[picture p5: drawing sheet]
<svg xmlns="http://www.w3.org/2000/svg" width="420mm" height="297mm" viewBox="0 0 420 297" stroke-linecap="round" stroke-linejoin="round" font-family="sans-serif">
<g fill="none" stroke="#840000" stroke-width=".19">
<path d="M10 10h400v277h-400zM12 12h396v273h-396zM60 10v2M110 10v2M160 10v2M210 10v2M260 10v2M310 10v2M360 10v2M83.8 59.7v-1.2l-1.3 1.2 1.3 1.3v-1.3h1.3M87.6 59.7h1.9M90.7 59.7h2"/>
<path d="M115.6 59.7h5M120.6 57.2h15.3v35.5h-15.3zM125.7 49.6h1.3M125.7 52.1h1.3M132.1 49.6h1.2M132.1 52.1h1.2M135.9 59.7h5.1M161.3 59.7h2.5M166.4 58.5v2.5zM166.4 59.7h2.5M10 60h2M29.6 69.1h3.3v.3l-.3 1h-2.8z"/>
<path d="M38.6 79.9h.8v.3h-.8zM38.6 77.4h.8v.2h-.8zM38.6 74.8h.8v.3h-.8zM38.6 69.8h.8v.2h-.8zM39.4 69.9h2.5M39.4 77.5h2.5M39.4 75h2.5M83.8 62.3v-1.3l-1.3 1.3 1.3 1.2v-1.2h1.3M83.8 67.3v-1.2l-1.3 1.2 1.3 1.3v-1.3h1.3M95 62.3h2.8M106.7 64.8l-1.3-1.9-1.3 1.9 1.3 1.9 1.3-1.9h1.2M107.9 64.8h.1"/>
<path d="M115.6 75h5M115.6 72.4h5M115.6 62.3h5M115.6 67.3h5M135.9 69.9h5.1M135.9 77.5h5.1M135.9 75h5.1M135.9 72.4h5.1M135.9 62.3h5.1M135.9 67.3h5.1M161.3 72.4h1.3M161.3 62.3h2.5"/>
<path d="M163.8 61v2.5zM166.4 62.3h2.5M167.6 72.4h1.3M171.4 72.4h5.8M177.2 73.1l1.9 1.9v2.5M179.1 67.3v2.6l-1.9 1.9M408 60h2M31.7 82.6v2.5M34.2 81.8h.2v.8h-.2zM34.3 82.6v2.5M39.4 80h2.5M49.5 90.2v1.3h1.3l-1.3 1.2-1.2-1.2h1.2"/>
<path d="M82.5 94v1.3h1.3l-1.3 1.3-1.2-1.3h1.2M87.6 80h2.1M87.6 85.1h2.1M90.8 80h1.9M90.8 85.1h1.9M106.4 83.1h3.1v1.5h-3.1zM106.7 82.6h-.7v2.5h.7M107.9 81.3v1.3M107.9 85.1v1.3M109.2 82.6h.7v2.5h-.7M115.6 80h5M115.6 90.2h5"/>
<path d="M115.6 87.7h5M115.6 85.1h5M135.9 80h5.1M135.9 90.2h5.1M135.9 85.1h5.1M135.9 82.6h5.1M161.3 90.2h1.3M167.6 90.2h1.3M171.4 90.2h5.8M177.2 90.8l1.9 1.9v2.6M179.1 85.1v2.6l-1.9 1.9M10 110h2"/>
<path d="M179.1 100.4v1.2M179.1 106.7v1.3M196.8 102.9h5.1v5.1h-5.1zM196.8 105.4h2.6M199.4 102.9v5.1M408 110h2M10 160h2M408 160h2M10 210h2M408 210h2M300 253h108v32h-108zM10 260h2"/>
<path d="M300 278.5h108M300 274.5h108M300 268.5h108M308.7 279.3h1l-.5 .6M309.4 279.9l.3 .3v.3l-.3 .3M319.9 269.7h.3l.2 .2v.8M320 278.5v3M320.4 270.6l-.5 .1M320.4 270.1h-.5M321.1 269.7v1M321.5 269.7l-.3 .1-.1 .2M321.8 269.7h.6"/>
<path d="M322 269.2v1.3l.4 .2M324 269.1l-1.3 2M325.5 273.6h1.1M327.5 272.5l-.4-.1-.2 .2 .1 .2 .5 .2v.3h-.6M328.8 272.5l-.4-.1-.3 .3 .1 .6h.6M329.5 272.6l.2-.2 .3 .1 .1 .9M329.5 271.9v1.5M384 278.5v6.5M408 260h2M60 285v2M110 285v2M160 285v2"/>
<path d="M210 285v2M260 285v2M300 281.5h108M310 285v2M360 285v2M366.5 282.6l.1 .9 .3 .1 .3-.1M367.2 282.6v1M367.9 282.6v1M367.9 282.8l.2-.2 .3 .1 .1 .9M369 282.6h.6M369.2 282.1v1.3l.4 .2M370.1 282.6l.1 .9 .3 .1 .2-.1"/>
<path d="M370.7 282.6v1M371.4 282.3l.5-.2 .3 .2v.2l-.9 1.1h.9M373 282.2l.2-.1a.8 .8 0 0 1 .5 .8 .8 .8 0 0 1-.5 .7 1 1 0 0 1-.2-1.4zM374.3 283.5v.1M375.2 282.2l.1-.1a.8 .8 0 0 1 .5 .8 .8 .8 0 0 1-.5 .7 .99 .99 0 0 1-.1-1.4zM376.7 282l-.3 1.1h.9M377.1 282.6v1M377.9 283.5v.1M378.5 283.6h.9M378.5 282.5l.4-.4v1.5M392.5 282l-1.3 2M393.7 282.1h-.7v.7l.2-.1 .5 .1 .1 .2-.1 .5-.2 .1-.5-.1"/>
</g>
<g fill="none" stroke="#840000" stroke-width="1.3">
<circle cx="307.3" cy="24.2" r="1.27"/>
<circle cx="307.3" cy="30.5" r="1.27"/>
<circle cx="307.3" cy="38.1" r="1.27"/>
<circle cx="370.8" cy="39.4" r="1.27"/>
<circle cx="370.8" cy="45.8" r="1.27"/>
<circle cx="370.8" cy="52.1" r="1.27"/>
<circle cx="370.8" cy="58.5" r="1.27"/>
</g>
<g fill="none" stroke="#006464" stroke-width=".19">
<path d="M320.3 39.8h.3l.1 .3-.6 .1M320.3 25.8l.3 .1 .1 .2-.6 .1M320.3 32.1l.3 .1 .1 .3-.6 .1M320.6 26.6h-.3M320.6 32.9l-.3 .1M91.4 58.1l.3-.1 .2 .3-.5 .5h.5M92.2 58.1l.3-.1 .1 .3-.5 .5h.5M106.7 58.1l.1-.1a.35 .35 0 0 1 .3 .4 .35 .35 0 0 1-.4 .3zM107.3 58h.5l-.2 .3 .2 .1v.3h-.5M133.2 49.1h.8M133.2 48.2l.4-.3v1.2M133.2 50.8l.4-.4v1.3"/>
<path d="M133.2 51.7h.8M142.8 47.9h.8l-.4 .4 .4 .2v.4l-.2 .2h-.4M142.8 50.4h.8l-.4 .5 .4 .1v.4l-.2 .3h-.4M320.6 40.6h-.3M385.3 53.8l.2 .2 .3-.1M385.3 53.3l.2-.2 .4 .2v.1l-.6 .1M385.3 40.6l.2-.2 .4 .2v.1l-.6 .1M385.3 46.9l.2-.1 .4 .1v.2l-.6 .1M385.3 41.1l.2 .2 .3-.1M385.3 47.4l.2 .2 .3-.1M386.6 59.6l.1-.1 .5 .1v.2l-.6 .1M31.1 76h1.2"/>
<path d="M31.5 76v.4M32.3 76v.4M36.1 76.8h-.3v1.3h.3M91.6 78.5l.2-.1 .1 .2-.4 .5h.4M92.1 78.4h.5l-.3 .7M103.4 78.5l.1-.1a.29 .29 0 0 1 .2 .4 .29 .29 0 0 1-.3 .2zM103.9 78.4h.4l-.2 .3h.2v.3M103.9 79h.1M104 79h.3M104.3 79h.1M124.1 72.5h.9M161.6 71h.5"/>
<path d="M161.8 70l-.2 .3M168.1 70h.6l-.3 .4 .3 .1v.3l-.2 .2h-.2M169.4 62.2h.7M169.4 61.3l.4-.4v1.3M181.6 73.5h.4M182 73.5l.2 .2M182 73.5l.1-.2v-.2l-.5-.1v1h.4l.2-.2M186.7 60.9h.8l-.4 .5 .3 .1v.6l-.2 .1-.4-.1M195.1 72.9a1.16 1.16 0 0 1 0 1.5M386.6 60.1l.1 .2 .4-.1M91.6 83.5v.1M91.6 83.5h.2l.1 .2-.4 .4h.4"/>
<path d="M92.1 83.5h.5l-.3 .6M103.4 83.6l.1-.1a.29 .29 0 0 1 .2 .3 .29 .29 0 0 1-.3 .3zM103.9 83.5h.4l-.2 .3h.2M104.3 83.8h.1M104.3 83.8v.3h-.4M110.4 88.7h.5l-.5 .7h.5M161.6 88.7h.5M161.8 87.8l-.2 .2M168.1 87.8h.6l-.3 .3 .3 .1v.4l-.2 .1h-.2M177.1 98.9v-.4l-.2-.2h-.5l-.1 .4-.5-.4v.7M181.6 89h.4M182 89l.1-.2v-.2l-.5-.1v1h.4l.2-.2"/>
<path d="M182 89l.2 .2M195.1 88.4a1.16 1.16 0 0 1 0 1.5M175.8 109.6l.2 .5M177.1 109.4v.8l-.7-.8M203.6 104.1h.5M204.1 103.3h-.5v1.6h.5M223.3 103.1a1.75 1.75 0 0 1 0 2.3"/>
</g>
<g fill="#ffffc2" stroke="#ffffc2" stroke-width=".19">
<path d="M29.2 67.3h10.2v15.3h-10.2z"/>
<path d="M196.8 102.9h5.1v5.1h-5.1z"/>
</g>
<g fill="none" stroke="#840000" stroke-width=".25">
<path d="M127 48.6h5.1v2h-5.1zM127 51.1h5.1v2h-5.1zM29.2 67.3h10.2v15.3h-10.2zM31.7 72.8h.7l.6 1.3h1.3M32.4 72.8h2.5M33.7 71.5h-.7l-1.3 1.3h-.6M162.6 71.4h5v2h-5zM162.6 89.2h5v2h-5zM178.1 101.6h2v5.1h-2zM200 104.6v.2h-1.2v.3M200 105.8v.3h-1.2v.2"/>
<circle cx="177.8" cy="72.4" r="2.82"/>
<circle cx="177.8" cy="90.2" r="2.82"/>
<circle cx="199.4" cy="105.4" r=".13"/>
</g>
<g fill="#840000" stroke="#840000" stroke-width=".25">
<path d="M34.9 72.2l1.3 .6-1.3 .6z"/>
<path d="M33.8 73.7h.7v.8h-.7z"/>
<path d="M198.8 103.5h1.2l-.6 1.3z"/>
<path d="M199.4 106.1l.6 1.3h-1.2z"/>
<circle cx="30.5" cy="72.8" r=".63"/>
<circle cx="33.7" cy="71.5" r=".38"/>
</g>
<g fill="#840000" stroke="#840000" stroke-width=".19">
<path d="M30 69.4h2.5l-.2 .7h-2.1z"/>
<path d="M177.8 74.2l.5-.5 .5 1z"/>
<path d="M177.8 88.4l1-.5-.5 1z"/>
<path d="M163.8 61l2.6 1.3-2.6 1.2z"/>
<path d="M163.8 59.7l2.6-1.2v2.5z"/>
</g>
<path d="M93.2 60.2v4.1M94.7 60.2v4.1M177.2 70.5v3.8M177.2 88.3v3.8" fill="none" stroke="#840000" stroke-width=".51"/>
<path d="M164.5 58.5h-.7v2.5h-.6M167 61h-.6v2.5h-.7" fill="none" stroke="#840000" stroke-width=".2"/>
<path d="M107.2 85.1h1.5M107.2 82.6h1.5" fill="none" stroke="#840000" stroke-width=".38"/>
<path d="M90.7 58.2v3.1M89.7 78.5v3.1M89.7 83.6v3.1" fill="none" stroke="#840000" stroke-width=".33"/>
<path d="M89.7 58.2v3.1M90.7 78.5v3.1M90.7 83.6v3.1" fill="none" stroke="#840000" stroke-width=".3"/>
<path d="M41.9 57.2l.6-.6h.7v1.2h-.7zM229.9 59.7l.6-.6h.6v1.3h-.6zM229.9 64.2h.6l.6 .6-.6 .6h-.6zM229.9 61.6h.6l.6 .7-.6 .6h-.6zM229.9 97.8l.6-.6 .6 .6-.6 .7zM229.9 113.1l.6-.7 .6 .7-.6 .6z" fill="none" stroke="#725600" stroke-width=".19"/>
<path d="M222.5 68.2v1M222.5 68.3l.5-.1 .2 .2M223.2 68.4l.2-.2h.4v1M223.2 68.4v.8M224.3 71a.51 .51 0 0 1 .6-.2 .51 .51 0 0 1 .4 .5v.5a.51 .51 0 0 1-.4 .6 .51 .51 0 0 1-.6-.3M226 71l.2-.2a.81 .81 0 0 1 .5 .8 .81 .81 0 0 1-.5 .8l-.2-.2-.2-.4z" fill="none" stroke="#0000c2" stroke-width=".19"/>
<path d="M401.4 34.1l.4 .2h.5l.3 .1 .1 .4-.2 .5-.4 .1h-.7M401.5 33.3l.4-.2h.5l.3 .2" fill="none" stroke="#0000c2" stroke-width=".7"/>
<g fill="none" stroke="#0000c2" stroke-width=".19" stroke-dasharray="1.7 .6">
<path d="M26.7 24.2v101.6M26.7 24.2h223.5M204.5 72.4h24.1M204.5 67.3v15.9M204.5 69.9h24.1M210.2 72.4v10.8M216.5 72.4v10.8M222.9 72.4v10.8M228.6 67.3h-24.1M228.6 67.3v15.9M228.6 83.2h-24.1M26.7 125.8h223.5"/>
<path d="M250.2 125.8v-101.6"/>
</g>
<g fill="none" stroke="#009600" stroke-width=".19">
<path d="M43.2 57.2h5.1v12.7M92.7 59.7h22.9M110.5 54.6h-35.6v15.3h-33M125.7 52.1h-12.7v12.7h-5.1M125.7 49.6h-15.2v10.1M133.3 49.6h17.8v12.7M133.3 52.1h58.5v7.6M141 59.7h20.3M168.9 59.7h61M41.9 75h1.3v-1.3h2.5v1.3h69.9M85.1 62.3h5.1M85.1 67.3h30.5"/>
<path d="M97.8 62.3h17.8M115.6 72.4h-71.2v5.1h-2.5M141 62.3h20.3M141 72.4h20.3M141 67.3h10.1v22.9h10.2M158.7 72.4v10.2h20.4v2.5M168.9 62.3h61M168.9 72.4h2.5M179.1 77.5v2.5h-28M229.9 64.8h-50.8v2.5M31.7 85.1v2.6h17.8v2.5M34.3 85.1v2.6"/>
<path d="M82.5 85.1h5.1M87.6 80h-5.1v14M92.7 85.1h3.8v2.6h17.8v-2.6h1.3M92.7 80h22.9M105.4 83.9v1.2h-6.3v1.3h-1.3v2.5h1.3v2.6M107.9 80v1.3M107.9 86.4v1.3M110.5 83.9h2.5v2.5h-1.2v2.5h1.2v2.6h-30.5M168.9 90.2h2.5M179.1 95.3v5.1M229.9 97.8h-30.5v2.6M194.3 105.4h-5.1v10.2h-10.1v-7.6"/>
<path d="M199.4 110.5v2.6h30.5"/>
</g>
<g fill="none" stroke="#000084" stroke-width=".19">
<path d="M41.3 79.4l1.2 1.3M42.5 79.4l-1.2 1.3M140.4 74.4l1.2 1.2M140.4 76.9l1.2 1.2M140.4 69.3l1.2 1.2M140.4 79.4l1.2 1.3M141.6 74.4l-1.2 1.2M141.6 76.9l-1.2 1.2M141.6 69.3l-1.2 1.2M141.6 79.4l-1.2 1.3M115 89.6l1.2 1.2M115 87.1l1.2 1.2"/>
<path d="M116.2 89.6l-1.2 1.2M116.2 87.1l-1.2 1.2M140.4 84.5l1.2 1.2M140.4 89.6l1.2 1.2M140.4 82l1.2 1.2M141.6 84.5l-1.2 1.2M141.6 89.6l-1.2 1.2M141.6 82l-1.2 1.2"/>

● ● ● ● ● ● ●

The entries above hold a line with "79.9h.8v.3h-.8zM38.6 77.4h.8v.2h-.8zM38.6 74.8h.8v.3h-.8zM38.6" and a later line with "285v2M260 285v2M300 281.5h108M310". Write out exactly those lines and all lines between, nothing more.

- _RESULT OF THIS TASK_
<path d="M38.6 79.9h.8v.3h-.8zM38.6 77.4h.8v.2h-.8zM38.6 74.8h.8v.3h-.8zM38.6 69.8h.8v.2h-.8zM39.4 69.9h2.5M39.4 77.5h2.5M39.4 75h2.5M83.8 62.3v-1.3l-1.3 1.3 1.3 1.2v-1.2h1.3M83.8 67.3v-1.2l-1.3 1.2 1.3 1.3v-1.3h1.3M95 62.3h2.8M106.7 64.8l-1.3-1.9-1.3 1.9 1.3 1.9 1.3-1.9h1.2M107.9 64.8h.1"/>
<path d="M115.6 75h5M115.6 72.4h5M115.6 62.3h5M115.6 67.3h5M135.9 69.9h5.1M135.9 77.5h5.1M135.9 75h5.1M135.9 72.4h5.1M135.9 62.3h5.1M135.9 67.3h5.1M161.3 72.4h1.3M161.3 62.3h2.5"/>
<path d="M163.8 61v2.5zM166.4 62.3h2.5M167.6 72.4h1.3M171.4 72.4h5.8M177.2 73.1l1.9 1.9v2.5M179.1 67.3v2.6l-1.9 1.9M408 60h2M31.7 82.6v2.5M34.2 81.8h.2v.8h-.2zM34.3 82.6v2.5M39.4 80h2.5M49.5 90.2v1.3h1.3l-1.3 1.2-1.2-1.2h1.2"/>
<path d="M82.5 94v1.3h1.3l-1.3 1.3-1.2-1.3h1.2M87.6 80h2.1M87.6 85.1h2.1M90.8 80h1.9M90.8 85.1h1.9M106.4 83.1h3.1v1.5h-3.1zM106.7 82.6h-.7v2.5h.7M107.9 81.3v1.3M107.9 85.1v1.3M109.2 82.6h.7v2.5h-.7M115.6 80h5M115.6 90.2h5"/>
<path d="M115.6 87.7h5M115.6 85.1h5M135.9 80h5.1M135.9 90.2h5.1M135.9 85.1h5.1M135.9 82.6h5.1M161.3 90.2h1.3M167.6 90.2h1.3M171.4 90.2h5.8M177.2 90.8l1.9 1.9v2.6M179.1 85.1v2.6l-1.9 1.9M10 110h2"/>
<path d="M179.1 100.4v1.2M179.1 106.7v1.3M196.8 102.9h5.1v5.1h-5.1zM196.8 105.4h2.6M199.4 102.9v5.1M408 110h2M10 160h2M408 160h2M10 210h2M408 210h2M300 253h108v32h-108zM10 260h2"/>
<path d="M300 278.5h108M300 274.5h108M300 268.5h108M308.7 279.3h1l-.5 .6M309.4 279.9l.3 .3v.3l-.3 .3M319.9 269.7h.3l.2 .2v.8M320 278.5v3M320.4 270.6l-.5 .1M320.4 270.1h-.5M321.1 269.7v1M321.5 269.7l-.3 .1-.1 .2M321.8 269.7h.6"/>
<path d="M322 269.2v1.3l.4 .2M324 269.1l-1.3 2M325.5 273.6h1.1M327.5 272.5l-.4-.1-.2 .2 .1 .2 .5 .2v.3h-.6M328.8 272.5l-.4-.1-.3 .3 .1 .6h.6M329.5 272.6l.2-.2 .3 .1 .1 .9M329.5 271.9v1.5M384 278.5v6.5M408 260h2M60 285v2M110 285v2M160 285v2"/>
<path d="M210 285v2M260 285v2M300 281.5h108M310 285v2M360 285v2M366.5 282.6l.1 .9 .3 .1 .3-.1M367.2 282.6v1M367.9 282.6v1M367.9 282.8l.2-.2 .3 .1 .1 .9M369 282.6h.6M369.2 282.1v1.3l.4 .2M370.1 282.6l.1 .9 .3 .1 .2-.1"/>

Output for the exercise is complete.